NUEVA YORK. Cuando Stephen Dennis criaba a sus dos hijos en la década de 1980, nunca escuchó la frase “tiempo de pantalla” ni le preocupaban las horas que los chicos pasaran con la tecnología. Cuando compró una computadora Apple II Plus, la consideró una inversión para el futuro y alentó a sus niños a que la utilizaran tanto como les fuera posible.
Vaya que las cosas han cambiado con sus nietos, sus teléfonos celulares y su Snapchat, Instagram y Twitter.
“Parece una adicción”, dijo Dennis, un constructor jubilado que vive en Bellevue, Washington. “Antes uno tenía una computadora, una televisión y un teléfono, pero ninguno de esos aparatos estaba conectado con el mundo exterior, salvo el teléfono. La tecnología no era omnipresente”.
Quienes hoy son abuelos tal vez recuerdan con afecto “los buenos tiempos”, pero la historia indica que los adultos siempre se han preocupado por la fascinación de sus hijos con las nuevas formas de entretenimiento y la tecnología desde la época de las novelas de 10 centavos, la radio, las primeras historietas y el rocanrol.
“Esta idea de que nos preocupe lo que los hijos estén haciendo es muy del siglo XX”, declaró Katie Foss, profesora de la Universidad Estatal del Centro de Tennessee.
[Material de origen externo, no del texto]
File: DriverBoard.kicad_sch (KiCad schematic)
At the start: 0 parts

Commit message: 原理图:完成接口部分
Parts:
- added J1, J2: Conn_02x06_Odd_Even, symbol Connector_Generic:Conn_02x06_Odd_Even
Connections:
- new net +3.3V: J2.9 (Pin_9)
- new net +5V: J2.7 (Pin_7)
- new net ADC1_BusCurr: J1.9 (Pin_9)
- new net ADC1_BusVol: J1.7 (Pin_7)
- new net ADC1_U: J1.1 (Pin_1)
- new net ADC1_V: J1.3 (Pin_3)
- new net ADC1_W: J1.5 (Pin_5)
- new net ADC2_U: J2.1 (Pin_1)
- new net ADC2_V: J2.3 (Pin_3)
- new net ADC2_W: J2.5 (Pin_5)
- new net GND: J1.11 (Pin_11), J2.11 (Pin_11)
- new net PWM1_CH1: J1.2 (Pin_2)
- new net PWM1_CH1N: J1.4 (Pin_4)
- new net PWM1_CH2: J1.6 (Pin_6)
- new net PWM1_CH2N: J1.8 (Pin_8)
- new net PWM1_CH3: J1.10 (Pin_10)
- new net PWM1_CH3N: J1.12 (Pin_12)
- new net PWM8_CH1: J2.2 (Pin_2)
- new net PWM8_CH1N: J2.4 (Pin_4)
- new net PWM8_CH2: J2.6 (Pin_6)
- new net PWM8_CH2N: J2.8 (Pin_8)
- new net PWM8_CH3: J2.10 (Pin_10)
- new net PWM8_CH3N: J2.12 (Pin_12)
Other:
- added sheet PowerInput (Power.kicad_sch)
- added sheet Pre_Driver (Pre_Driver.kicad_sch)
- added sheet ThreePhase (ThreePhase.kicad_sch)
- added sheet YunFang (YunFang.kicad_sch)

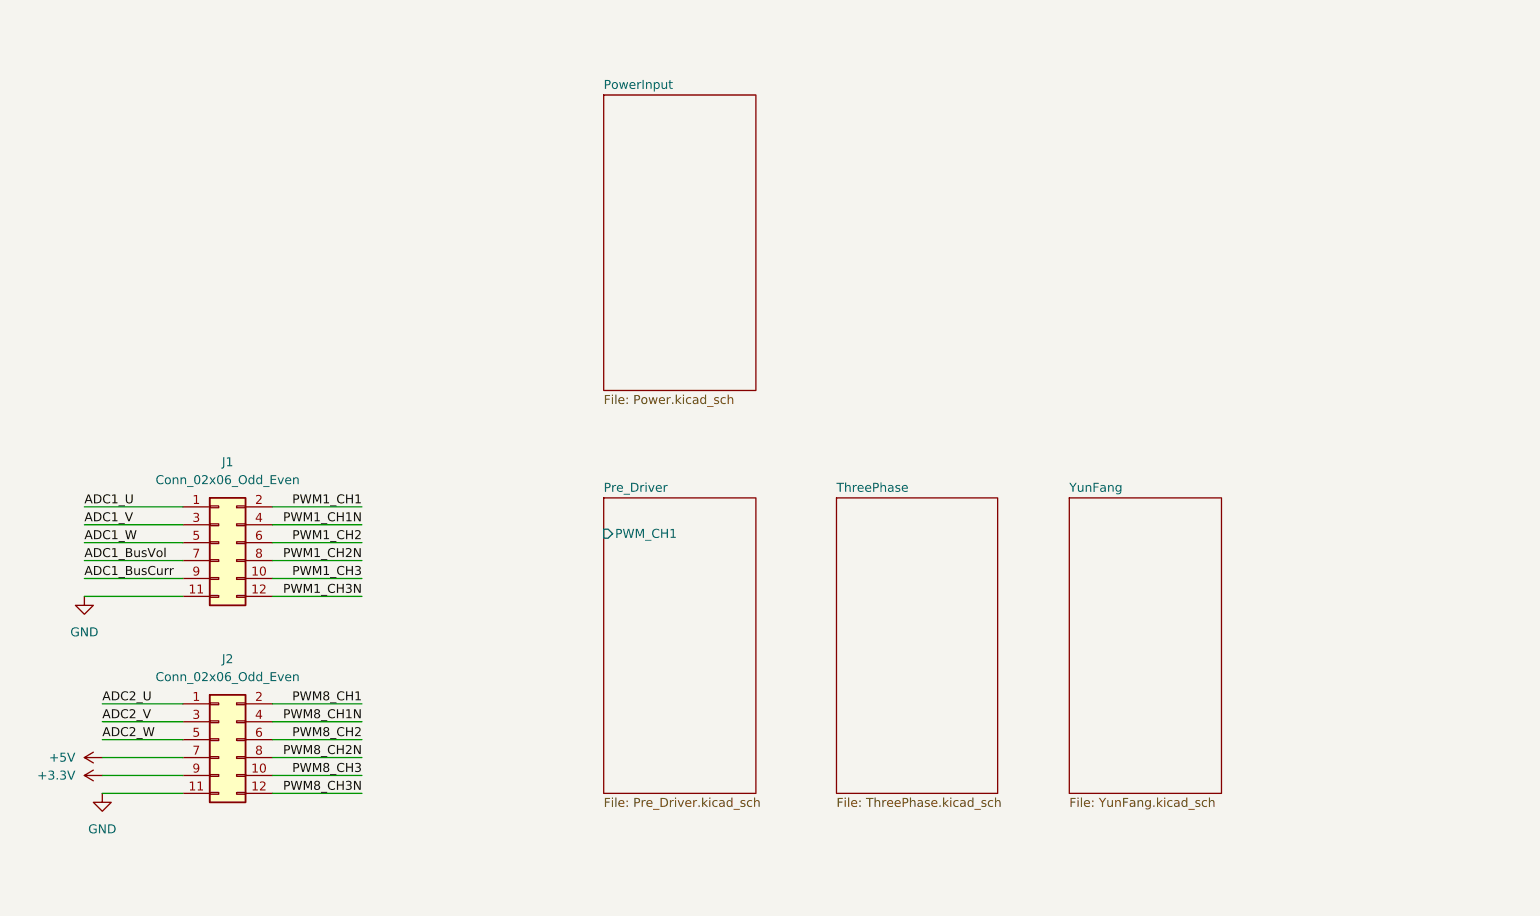
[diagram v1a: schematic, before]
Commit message: 增加部分接口
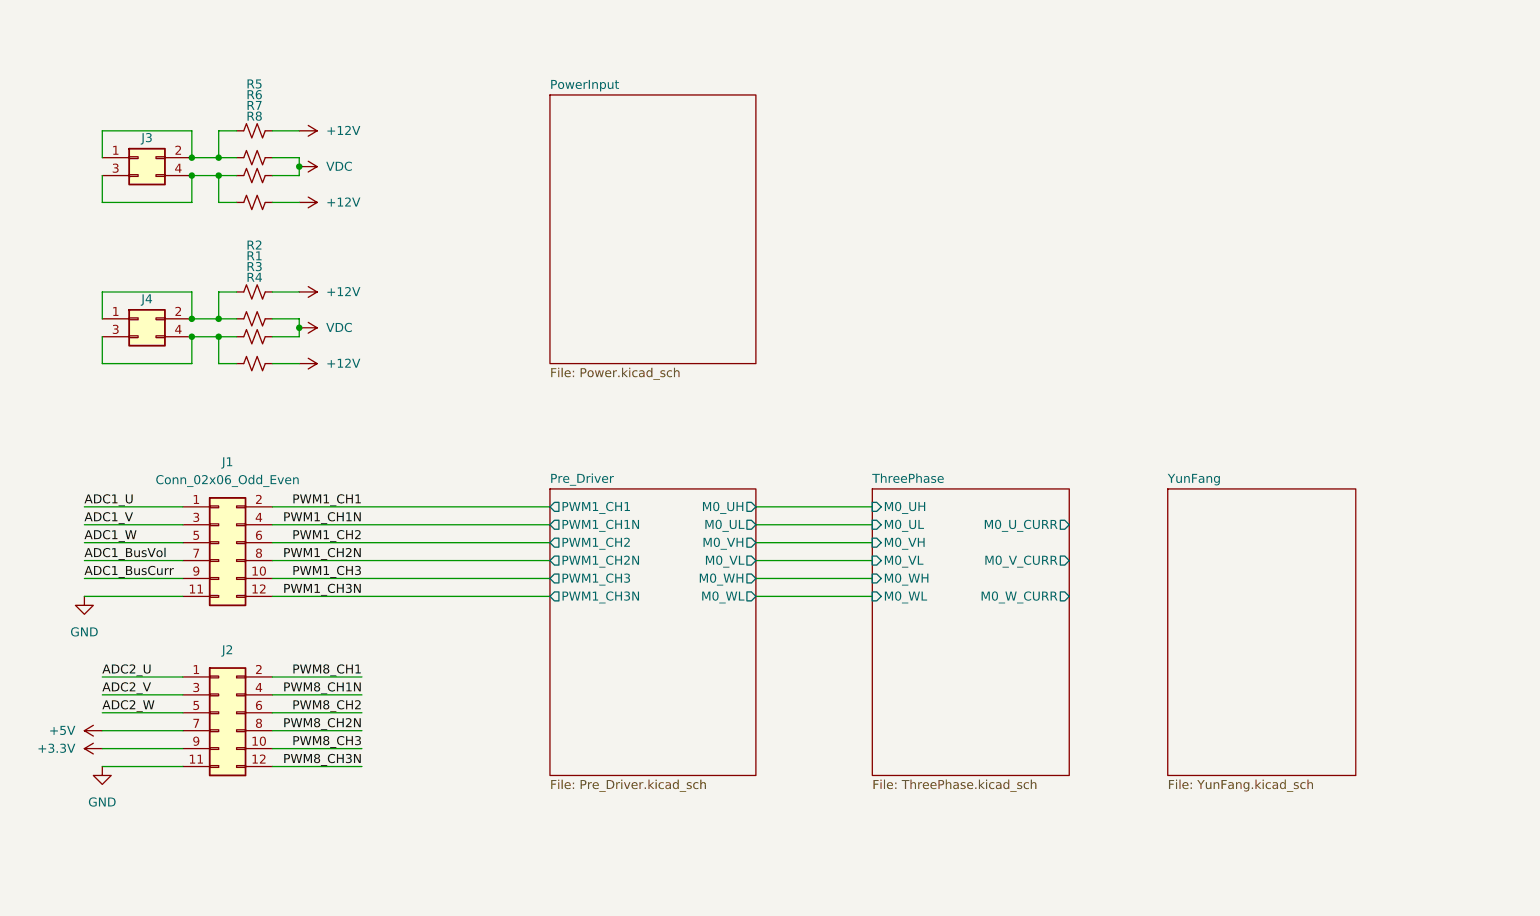
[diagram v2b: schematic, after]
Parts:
- added J3, J4: Conn_02x02_Odd_Even, symbol Connector_Generic:Conn_02x02_Odd_Even
- added R1, R2, R3, R4, R5, R6, R7, R8: R_Small_US, symbol Device:R_Small_US
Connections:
- new net: J3.3 (Pin_3), J3.4 (Pin_4), R7.1, R8.1
- new net: J4.3 (Pin_3), J4.4 (Pin_4), R3.1, R4.1
- new net: J3.1 (Pin_1), J3.2 (Pin_2), R5.1, R6.1
- new net: J4.1 (Pin_1), J4.2 (Pin_2), R1.1, R2.1
- new net +12V: R2.2, R4.2, R5.2, R8.2
- new net VDC: R1.2, R3.2, R6.2, R7.2
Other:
- sheet Pre_Driver ports: added M0_UH, M0_UL, M0_VH, M0_VL, M0_WH, M0_WL, PWM1_CH1, PWM1_CH1N, PWM1_CH2, PWM1_CH2N, PWM1_CH3, PWM1_CH3N; removed PWM_CH1
- sheet ThreePhase ports: added M0_UH, M0_UL, M0_U_CURR, M0_VH, M0_VL, M0_V_CURR, M0_WH, M0_WL, M0_W_CURR; removed none
- moved on the sheet: J2

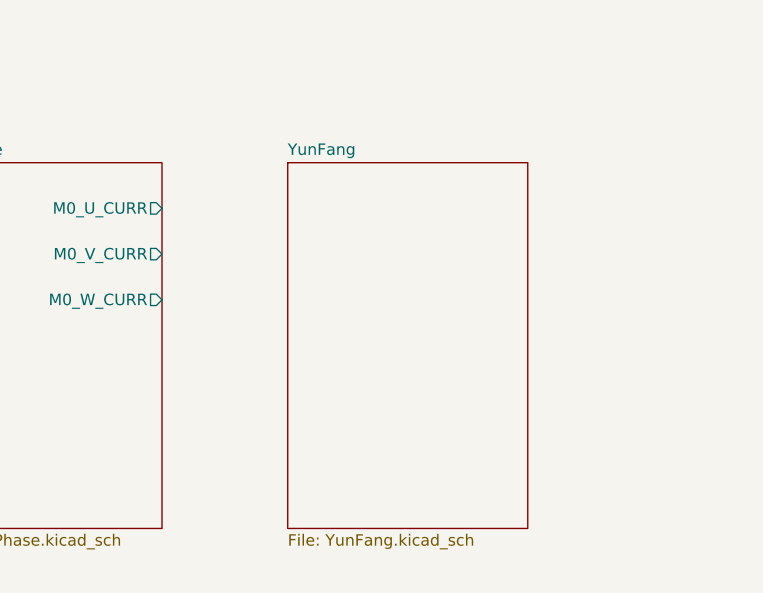
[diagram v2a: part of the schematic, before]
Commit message: 增加预驱/三相桥电路
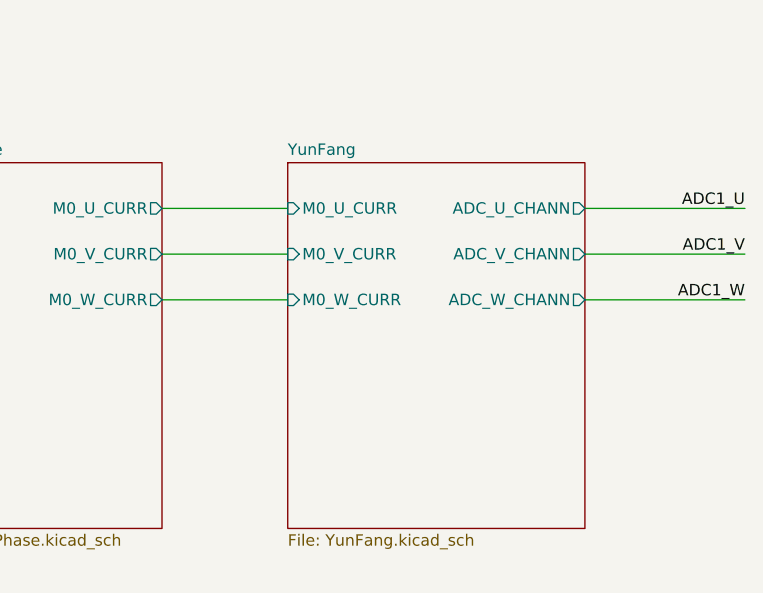
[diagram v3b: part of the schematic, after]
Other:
- sheet YunFang ports: added ADC_U_CHANN, ADC_V_CHANN, ADC_W_CHANN, M0_U_CURR, M0_V_CURR, M0_W_CURR; removed none

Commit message: 优化5V电源/预驱电路/三相桥/运放
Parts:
- removed J3, J4: Conn_02x02_Odd_Even, symbol Connector_Generic:Conn_02x02_Odd_Even
- removed R1, R2, R3, R4, R5, R6, R7, R8: R_Small_US, symbol Device:R_Small_US
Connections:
- net ADC1_BusVol renamed BusVoltage
- net PWM1_CH1 renamed Pre_Driver/U1_IN_H
- net PWM1_CH1N renamed Pre_Driver/U1_IN_L
- net PWM1_CH2 renamed Pre_Driver/V1_IN_H
- net PWM1_CH2N renamed Pre_Driver/V1_IN_L
- net PWM1_CH3 renamed Pre_Driver/W1_IN_H
- net PWM1_CH3N renamed Pre_Driver/W1_IN_L
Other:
- sheet PowerInput ports: added BUS_VOLTAGE; removed none
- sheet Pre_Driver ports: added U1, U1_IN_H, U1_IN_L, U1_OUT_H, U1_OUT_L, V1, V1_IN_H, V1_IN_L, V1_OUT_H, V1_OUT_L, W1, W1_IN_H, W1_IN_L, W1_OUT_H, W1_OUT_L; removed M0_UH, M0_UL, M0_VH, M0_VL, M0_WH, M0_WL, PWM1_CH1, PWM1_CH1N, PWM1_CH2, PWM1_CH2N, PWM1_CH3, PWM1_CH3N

Sin embargo, en lo referente a tiempo de pantalla, “lo único que estamos haciendo es reinventar las mismas preocupaciones que teníamos en la década de 1950”.
Cierto, los temores en la actualidad parecen agudos en particular, como han sido siempre por supuesto. Los teléfonos inteligentes tienen una presencia altamente personalizada 24 horas al día los siete días de la semana, lo que aviva los temores de los padres hacia la conducta antisocial y desconocidos peligrosos.
Sin embargo, lo que no ha cambiado es el temor generalizado de los padres hacia lo que estén haciendo sus hijos cuando no los están viendo. En las generaciones anteriores, esto a menudo implicaba que los chicos anduvieran por ahí y se escabulleran de la casa para beber. En la actualidad, podría significar que los chicos se escondan en su habitación y conversen con extraños en internet.
Hace menos de un siglo, el advenimiento de la radio suscitó temores similares.
A principios de la década de 1930, un grupo de madres de Scarsdale, Nueva York, exigieron a las radiodifusoras que cambiaran los programas que ellas pensaban eran excesivamente “estimulantes, atemorizadores y abrumadoramente emocionales” para los chicos, dijo Margaret Cassidy, historiadora de medios de la Universidad Adelphi, en Nueva York, y autora de una crónica sobre jóvenes y medios en Estados Unidos.
Debido al activismo del grupo de madres Scarsdale Moms, la Asociación Nacional de Radiodifusión elaboró un código de ética sobre programación infantil en el que se comprometieron a no presentar a los delincuentes como héroes y abstenerse de glorificar la codicia, el egoísmo y el irrespeto a la autoridad.
Después la televisión irrumpió en la conciencia pública con velocidad sinigual. Para 1955, más de la mitad de los hogares en Estados Unidos tenían un televisor blanco y negro, según Mitchell Stephens, historiador de medios de la Universidad de Nueva York.
El nerviosismo comenzó casi de inmediato. Según un estudio a 6.000 menores, 2.000 padres y 100 maestros efectuado por la Universidad de Stanford en 1961, más de la mitad de los chicos estudiados veían programas para “adultos”, como películas del oeste, de delincuencia y otros que presentaban “problemas emocionales”. Los investigadores se horrorizaron de la violencia en la televisión incluso en los programas infantiles.
Para finales de esa década, el Congreso había autorizado 1 millón de dólares (equivalentes a 7 millones en la actualidad) para estudiar las secuelas de la violencia en la televisión, lo que dio pie a “miles de proyectos” en años posteriores, según Cassidy.
Debido a esta situación, la Academia de Pediatría de Estados Unidos aprobó en 1984 su primera recomendación de que los padres restrinjan la exposición de sus hijos a la tecnología. La asociación médica argüía que la televisión transmitía mensajes irreales sobre drogas y el alcohol, podrían contribuir a la obesidad y alentar actos de violencia. Quince años después, la asociación emitió su célebre edicto de que los chicos de menos de 2 años no debían ver televisión en absoluto.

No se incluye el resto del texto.